[[ INFORMATION GIVEN open ]]

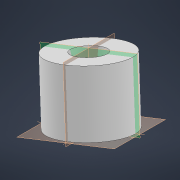
# Autodesk Inventor part: sauce bottle holder
Saved by Autodesk Inventor 2021 (Build 250183000, 183)
## iProperties
Created: 2020-10-21
Part Number: sauce bottle holder
Material: Generic
Document SubType Name: Modeling
Designer: brand
Density: 1 g/cm^3
Appearance: Default
Author: brand
Autodesk Inventor part; units mm, degrees
sketch "Sketch1" plane through (0, 0, 0) normal (0, 0, 1) x (1, 0, 0)
  circle A0 centre (0, 0) radius 25
  dimension "d0" = 50
  constraints: 1 centre point, 1 coincident
  measures "d0" diameter of A0
extrude "Extrusion1" add sketch "Sketch1" along normal blind 40
sketch "Sketch4" plane through (0, 0, 0) normal (0, 1, 0) x (-1, 0, 0)
  line L0 (25, 40) -> (-25, 40) projected
  line L1 (0, 40) -> (-10.5, 40)
  line L2 (-10.5, 40) -> (-3.5769, 10)
  line L3 (-3.5769, 10) -> (0, 10)
  line L4 (25, 0) -> (-25, 0) projected
  line L5 (0, 10) -> (0, 40.9001)
  line L6 (31.0819, 14) -> (-35.1776, 14) construction
  line L7 (0, -8.18) -> (0, 49.0801) construction
  point P0 (0, 0)
  dimension "d10" = 10.5
  dimension "d11" = 26
  dimension "d12" = 4
  constraints: 10 end point, 1 collinear, 1 horizontal, 1 midpoint, 1 parallel, 1 perpendicular, 1 point on line
  measures "d10" distance of L1.start L1.end
  measures "d11" distance between parallel lines of L0 L6
  measures "d12" distance between parallel lines of L3 L6
revolve "Revolution1" cut sketch "Sketch4" angle 360 about axis through (0, 0, -10) along (0, 0, 1)
body "Solid1"

[[ INFORMATION GIVEN closed ]]

YOUR ASSIGNMENT:
Every record must be returned exactly. Leave its pictures out.

EXERCISE RESULT:
# Autodesk Inventor part: sauce bottle holder
Saved by Autodesk Inventor 2021 (Build 250183000, 183)
## iProperties
Created: 2020-10-21
Part Number: sauce bottle holder
Material: Generic
Document SubType Name: Modeling
Designer: brand
Density: 1 g/cm^3
Appearance: Default
Author: brand
Autodesk Inventor part; units mm, degrees
sketch "Sketch1" plane through (0, 0, 0) normal (0, 0, 1) x (1, 0, 0)
  circle A0 centre (0, 0) radius 25
  dimension "d0" = 50
  constraints: 1 centre point, 1 coincident
  measures "d0" diameter of A0
extrude "Extrusion1" add sketch "Sketch1" along normal blind 40
sketch "Sketch4" plane through (0, 0, 0) normal (0, 1, 0) x (-1, 0, 0)
  line L0 (25, 40) -> (-25, 40) projected
  line L1 (0, 40) -> (-10.5, 40)
  line L2 (-10.5, 40) -> (-3.5769, 10)
  line L3 (-3.5769, 10) -> (0, 10)
  line L4 (25, 0) -> (-25, 0) projected
  line L5 (0, 10) -> (0, 40.9001)
  line L6 (31.0819, 14) -> (-35.1776, 14) construction
  line L7 (0, -8.18) -> (0, 49.0801) construction
  point P0 (0, 0)
  dimension "d10" = 10.5
  dimension "d11" = 26
  dimension "d12" = 4
  constraints: 10 end point, 1 collinear, 1 horizontal, 1 midpoint, 1 parallel, 1 perpendicular, 1 point on line
  measures "d10" distance of L1.start L1.end
  measures "d11" distance between parallel lines of L0 L6
  measures "d12" distance between parallel lines of L3 L6
revolve "Revolution1" cut sketch "Sketch4" angle 360 about axis through (0, 0, -10) along (0, 0, 1)
body "Solid1"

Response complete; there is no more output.